Pun dalam ilmu Psikologi, mengakui bahwa yang dimaksud dengan jiwa (roh) itu tak seorangpun tau persis. Bila raga itu bisa terukur, apakah jiwa bisa ter-ukur?
Apalagi kalau kita merujuk kepada surat Al-Isra ayat 85, disebutkan: "Mereka menanyakanmu (Muhammad) tentang jiwa atau roh, maka katakanlah bahwa jiwa (roh) itu adalah urusan Tuhan dan kamu tidak diberi pengetahuan (tentang jiwa itu) kecuali sedikit saja.”

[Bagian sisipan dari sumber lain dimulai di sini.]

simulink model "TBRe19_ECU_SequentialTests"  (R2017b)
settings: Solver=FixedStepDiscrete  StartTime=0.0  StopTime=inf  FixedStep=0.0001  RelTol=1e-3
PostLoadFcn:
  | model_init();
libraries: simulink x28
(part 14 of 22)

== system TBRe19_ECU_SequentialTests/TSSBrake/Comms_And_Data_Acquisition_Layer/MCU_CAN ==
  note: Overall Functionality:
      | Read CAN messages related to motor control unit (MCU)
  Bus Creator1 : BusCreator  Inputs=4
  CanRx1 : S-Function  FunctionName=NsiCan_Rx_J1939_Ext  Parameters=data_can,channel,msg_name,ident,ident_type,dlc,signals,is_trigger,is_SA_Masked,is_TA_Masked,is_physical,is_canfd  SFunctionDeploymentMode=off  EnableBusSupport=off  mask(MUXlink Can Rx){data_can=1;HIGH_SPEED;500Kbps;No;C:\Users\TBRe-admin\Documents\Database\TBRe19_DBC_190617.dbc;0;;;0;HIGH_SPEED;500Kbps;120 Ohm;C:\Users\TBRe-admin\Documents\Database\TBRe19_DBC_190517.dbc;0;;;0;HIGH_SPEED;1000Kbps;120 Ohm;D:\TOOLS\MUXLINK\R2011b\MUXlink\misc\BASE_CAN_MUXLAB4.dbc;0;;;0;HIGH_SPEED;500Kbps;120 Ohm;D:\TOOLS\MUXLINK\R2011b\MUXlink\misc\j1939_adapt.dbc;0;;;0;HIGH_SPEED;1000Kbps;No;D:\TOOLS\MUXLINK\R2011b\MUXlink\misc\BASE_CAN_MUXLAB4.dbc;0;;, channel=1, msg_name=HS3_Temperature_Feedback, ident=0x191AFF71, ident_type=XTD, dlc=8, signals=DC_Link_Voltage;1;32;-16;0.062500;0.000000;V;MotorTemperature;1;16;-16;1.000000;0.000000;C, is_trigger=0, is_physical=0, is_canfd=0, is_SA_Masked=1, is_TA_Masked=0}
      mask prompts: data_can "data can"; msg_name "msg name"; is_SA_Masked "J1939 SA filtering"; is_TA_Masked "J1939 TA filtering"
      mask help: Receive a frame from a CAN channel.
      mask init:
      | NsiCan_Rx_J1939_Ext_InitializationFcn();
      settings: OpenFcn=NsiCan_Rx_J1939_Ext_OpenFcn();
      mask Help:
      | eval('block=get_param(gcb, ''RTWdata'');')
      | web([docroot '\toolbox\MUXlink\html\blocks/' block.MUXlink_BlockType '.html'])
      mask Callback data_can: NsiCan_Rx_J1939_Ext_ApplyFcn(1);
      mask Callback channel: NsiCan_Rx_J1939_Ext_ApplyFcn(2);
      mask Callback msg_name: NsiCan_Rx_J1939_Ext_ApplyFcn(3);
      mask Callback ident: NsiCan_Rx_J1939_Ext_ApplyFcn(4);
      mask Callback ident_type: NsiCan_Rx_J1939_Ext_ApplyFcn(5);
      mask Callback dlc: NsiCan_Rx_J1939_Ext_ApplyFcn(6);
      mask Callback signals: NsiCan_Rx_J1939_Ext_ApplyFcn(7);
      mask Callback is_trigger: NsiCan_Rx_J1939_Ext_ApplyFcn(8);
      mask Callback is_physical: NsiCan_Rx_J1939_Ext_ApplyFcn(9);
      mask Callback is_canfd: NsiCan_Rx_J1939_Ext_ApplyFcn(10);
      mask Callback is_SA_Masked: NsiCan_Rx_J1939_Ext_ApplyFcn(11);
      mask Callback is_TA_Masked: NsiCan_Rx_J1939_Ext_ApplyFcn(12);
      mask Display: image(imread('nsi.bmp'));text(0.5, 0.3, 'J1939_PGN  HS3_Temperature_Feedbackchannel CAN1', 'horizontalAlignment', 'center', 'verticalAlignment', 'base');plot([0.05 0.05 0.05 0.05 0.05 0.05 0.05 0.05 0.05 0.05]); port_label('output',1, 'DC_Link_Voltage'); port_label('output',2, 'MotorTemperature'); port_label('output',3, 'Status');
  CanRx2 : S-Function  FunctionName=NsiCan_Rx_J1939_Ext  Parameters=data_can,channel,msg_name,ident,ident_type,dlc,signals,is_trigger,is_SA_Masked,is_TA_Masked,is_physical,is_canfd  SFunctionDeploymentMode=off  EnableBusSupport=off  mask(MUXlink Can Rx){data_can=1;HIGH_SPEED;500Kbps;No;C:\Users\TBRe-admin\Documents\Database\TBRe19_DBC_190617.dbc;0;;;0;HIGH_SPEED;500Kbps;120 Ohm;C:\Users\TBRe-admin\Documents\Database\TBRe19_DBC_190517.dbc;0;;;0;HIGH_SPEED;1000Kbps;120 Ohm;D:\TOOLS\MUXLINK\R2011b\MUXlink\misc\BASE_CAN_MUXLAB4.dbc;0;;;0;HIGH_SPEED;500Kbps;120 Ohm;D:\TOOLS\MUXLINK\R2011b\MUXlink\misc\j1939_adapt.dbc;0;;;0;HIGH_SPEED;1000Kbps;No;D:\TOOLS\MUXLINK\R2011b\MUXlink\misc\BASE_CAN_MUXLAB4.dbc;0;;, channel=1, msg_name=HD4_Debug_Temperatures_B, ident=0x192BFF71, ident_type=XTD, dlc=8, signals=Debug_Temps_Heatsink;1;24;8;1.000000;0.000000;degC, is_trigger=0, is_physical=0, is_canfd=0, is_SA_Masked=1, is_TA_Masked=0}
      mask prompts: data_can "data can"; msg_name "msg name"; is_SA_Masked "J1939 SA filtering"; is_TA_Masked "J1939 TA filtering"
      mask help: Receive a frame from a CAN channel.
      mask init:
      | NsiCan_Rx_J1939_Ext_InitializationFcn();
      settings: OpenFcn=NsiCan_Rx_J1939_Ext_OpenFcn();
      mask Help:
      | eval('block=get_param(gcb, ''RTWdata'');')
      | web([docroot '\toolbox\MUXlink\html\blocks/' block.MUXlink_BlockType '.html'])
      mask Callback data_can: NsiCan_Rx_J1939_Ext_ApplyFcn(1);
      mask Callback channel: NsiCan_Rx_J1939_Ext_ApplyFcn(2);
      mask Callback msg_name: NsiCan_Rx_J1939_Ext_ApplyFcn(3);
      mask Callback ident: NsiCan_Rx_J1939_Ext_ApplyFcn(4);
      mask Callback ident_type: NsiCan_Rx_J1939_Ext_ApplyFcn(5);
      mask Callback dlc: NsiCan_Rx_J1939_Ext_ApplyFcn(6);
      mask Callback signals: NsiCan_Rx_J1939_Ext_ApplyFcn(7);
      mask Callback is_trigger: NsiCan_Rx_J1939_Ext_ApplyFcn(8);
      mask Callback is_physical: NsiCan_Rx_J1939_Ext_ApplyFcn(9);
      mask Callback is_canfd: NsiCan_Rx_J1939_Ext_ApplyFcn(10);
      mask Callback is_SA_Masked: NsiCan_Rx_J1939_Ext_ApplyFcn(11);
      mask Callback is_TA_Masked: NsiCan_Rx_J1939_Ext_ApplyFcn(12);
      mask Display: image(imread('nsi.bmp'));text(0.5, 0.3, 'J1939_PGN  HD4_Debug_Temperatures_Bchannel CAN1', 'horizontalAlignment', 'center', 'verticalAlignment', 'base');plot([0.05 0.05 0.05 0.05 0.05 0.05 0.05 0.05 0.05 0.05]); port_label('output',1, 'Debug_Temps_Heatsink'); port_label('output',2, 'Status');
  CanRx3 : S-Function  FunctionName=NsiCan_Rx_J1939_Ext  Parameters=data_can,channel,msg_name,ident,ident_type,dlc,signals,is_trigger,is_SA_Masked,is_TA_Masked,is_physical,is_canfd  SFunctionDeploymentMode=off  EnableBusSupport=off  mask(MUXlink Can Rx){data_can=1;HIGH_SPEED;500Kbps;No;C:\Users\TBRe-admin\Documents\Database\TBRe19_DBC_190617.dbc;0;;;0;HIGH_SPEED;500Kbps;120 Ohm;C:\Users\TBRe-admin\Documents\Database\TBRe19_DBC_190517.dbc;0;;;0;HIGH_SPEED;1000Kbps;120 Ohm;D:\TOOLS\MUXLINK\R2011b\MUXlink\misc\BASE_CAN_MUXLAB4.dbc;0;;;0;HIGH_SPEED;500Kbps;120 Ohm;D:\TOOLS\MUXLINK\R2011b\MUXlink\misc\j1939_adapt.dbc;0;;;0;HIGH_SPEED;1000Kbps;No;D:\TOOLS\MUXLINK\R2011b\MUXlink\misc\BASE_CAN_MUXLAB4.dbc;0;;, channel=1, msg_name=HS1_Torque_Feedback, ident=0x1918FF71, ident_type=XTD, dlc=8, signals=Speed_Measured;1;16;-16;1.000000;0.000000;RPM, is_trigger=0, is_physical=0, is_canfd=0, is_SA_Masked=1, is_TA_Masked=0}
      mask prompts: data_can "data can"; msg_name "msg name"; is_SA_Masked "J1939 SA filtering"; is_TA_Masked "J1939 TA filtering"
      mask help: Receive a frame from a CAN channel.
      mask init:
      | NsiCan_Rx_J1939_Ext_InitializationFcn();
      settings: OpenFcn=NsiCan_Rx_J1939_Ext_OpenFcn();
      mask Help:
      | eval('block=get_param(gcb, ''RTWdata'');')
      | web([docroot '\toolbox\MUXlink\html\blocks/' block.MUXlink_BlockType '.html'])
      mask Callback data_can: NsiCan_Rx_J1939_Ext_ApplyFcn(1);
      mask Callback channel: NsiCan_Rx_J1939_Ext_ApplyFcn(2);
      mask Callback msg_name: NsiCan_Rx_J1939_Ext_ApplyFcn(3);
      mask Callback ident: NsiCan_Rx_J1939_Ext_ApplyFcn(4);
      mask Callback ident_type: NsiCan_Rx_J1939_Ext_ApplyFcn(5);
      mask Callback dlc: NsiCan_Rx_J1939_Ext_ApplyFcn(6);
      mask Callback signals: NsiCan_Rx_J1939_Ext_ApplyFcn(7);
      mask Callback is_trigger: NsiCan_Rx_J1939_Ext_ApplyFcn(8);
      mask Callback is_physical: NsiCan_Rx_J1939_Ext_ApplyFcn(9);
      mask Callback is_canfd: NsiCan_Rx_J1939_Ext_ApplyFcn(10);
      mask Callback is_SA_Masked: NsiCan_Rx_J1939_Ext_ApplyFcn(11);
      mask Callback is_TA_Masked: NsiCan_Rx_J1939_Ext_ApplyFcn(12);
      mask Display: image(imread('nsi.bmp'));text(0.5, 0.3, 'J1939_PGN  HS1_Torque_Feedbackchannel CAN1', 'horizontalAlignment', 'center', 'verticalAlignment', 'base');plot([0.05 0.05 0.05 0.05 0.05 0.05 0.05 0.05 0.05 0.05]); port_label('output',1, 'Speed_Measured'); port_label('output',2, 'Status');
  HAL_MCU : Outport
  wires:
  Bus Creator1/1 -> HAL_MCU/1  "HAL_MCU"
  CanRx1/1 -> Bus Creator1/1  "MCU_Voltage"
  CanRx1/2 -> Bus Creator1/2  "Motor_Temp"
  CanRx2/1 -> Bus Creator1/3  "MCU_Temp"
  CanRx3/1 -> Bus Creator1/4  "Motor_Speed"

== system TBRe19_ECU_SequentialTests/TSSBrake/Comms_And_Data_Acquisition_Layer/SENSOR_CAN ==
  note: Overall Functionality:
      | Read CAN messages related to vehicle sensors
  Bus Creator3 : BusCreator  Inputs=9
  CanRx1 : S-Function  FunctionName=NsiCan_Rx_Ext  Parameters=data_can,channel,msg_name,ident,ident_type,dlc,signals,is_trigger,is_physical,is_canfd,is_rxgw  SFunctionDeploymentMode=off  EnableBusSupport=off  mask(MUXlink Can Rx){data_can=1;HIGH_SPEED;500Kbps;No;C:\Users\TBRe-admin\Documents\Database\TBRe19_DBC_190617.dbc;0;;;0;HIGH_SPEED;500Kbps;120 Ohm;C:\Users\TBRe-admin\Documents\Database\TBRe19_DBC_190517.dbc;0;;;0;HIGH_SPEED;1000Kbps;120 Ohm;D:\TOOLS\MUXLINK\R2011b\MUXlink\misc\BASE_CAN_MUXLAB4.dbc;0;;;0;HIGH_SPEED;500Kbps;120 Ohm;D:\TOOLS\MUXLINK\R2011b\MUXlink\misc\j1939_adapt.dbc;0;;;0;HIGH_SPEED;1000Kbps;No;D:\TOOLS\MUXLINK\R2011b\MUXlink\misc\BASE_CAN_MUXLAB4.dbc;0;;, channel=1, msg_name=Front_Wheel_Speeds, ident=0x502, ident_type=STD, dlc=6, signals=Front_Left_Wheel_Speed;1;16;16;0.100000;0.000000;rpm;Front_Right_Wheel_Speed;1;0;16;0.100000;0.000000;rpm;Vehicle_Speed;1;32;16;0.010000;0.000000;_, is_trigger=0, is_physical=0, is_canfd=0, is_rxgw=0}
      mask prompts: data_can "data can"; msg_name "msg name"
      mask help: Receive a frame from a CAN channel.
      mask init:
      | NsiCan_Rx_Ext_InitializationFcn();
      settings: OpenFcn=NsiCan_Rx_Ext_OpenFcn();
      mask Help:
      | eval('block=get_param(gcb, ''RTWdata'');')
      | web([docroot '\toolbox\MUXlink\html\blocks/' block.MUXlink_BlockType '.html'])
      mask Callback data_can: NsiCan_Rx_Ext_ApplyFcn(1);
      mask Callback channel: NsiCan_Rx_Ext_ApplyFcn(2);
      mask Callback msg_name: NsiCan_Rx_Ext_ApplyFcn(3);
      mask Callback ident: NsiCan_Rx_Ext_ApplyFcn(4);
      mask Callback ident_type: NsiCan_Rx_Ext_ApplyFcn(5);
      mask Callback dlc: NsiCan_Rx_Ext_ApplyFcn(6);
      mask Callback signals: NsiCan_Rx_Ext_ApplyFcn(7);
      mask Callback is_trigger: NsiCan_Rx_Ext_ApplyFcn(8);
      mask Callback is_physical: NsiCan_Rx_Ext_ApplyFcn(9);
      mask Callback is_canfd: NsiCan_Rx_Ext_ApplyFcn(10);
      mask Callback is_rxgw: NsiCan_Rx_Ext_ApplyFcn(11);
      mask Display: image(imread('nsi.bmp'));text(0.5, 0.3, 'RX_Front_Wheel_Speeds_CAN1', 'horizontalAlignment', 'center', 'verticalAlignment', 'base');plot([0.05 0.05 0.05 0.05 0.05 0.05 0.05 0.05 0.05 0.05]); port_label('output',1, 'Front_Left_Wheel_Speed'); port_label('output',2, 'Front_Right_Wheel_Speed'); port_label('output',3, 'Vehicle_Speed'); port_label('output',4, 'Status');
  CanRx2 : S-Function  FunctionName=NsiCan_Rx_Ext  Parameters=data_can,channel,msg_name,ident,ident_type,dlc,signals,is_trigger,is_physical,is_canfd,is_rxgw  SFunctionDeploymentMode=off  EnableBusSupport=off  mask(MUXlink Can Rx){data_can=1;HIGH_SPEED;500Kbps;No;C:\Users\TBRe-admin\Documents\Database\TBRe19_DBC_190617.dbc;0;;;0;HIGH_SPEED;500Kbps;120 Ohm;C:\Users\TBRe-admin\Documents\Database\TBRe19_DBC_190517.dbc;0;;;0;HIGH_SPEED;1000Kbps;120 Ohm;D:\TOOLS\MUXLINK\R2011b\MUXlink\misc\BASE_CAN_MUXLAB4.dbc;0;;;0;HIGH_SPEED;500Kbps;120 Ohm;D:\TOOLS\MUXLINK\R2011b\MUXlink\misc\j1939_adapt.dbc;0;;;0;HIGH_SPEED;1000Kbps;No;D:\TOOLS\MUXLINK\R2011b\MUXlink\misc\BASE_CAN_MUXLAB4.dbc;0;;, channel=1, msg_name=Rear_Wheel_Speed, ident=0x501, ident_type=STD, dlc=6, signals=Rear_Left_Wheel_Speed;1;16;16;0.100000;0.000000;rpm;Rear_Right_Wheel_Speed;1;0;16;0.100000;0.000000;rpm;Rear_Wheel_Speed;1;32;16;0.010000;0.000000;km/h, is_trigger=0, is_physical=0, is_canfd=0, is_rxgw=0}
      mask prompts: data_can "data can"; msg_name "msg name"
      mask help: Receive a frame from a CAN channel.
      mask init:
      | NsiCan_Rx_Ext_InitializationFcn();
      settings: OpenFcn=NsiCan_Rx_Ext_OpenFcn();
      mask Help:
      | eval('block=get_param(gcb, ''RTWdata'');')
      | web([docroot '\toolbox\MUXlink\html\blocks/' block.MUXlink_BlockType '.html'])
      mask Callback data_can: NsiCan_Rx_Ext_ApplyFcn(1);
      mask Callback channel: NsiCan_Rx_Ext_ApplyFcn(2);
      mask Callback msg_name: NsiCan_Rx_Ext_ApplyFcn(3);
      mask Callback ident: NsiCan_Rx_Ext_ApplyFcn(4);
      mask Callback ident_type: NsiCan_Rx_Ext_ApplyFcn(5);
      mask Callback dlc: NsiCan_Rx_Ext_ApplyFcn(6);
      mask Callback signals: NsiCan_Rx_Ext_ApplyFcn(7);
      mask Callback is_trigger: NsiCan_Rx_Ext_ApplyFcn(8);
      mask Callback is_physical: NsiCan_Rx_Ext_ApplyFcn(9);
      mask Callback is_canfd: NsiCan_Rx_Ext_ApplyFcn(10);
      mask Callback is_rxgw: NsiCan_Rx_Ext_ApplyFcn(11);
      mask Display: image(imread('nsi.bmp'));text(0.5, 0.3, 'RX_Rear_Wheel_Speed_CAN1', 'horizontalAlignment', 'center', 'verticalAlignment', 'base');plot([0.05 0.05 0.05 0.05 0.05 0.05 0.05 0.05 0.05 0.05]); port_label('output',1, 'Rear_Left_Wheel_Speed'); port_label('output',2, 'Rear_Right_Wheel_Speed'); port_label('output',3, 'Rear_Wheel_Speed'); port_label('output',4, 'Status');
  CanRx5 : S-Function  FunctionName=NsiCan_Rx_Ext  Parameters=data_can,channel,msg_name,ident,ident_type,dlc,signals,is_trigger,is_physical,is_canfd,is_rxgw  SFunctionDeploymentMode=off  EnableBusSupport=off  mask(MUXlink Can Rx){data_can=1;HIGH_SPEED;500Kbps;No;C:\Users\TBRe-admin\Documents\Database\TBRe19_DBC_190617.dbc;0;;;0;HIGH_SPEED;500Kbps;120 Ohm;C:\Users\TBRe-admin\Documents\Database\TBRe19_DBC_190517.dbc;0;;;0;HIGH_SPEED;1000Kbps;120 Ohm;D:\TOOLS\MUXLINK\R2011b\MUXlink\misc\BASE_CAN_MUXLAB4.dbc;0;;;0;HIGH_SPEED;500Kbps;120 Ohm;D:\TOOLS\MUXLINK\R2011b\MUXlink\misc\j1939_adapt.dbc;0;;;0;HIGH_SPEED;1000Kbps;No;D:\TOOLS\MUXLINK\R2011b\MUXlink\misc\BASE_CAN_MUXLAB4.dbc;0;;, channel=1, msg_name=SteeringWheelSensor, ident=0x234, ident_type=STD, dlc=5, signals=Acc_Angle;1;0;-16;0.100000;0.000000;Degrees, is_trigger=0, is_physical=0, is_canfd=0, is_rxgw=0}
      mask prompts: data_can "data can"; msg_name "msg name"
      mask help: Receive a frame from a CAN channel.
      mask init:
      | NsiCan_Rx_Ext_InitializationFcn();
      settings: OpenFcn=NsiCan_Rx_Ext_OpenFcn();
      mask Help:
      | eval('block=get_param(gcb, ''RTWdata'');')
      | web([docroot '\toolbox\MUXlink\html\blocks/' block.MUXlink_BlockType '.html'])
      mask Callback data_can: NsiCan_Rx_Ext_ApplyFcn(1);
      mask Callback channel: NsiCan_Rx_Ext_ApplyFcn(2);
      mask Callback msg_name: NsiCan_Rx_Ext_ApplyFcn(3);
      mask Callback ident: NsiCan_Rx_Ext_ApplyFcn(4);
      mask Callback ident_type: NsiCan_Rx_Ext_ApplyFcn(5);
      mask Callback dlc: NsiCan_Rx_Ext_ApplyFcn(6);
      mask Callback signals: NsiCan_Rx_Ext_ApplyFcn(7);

Memang, awalnya ilmu Psikologi (Psyche: jiwa, logos: ilmu) pengertianya mempelajari kejiwaan sebagai bagian atau cabang ilmu Filsafat. Tapi dalam Psikologi modern, (dalam buku Psychology an Introduction - Mussen & Rosenzwing 1975) Psikologi berkembang ke pengetian mempelajari Mind (pikiran), Behavior (tingkah laku). Maka Psikologi didefinisikan sebagai ilmu yang mempelajari tingkah laku manusia.
Tapi bukan berarti manusia samasekali tidak diberi petunjuk tentang jiwa oleh Sang Pencipta. Dari para ilmuwan mulai Plato, Aristoteles, Descrates, Ibnu Sina dsb. Dari spiritualis syekh Abdul Qadir, Rumi, hingga R. Syahid/ Sunan Kalijaga dsb. Kita bisa banyak menggali apa itu Jiwa.
(Uraian diatas baru konteks definisi jiwa, mudah-mudahan kita tidak terjebak dengan definisi yang menjadikan polemik.)
Kembali pada kesehatan jiwa. Sederhananya... jiwa akan tenang bila jiwa kita terarah, seimbang, terkontrol, tidak terlalu terbebani. Beban yang terlalu mendalam dan tak teratasi bisa mengakibatkan gangguan jiwa dari ringan, dipresi, frustrasi hingga klimaksnya mengakibatkan bunuh diri. (yang tertinggi di Jepang 2003 bunuh diri tercatat 23.000 atau 100 orang perhari)
Bila kita sampai pada tahap tersebut (apapun gangguan ringan, sedang atau berat) di era informasi ini, kita dengan mudahnya bisa googling mencari secara spesifik penyebab hingga solusi sesuai case yang kita alami (seperti di link ini). Tentunya selain dengan cara curhat, ke orang terdekat atau ke Psikiater.
Selain merujuk mengenai gangguan kejiwaan melalui limu psikologi, ada pula jalan melalui lain yaitu Spiritualisme (misalnya New Age, Sufisme). Sebab hakikatnya bila jiwa kita kosong, lapar, makanan jiwa kita bukanlah entertain-entertain Raga (makan, minum, sex, dugem, maupun kemewahan materialisme & eksistensi) yang semakin kita turuti, bisa-bisa semakin membebani.
Sepertihalnya yang dikatakan Socrates...
”Makanan enak, baju indah dan segala kemewahan, itulah yang kau sebut kebahagiaan, namun aku percaya bahwa suatu keadaan di mana orang tidak mengharapkan apa pun adalah kebahagiaan yang tertinggi”.